- _What you should do_:
Read the lines below and count those that have the word "Action". Respond with the number only.

- _Data for processing_:
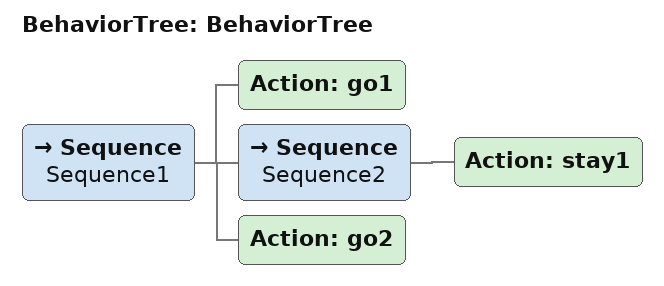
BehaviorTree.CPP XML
<?xml version="1.0"?>
<root main_tree_to_execute="BehaviorTree">
    <BehaviorTree ID="BehaviorTree">
        <Sequence name="Sequence1">
            <Action ID="go1"/>
            <Sequence name="Sequence2">
                <Action ID="stay1"/>
            </Sequence>
            <Action ID="go2"/>
        </Sequence>
    </BehaviorTree>
</root>

- _Exercise output_:
3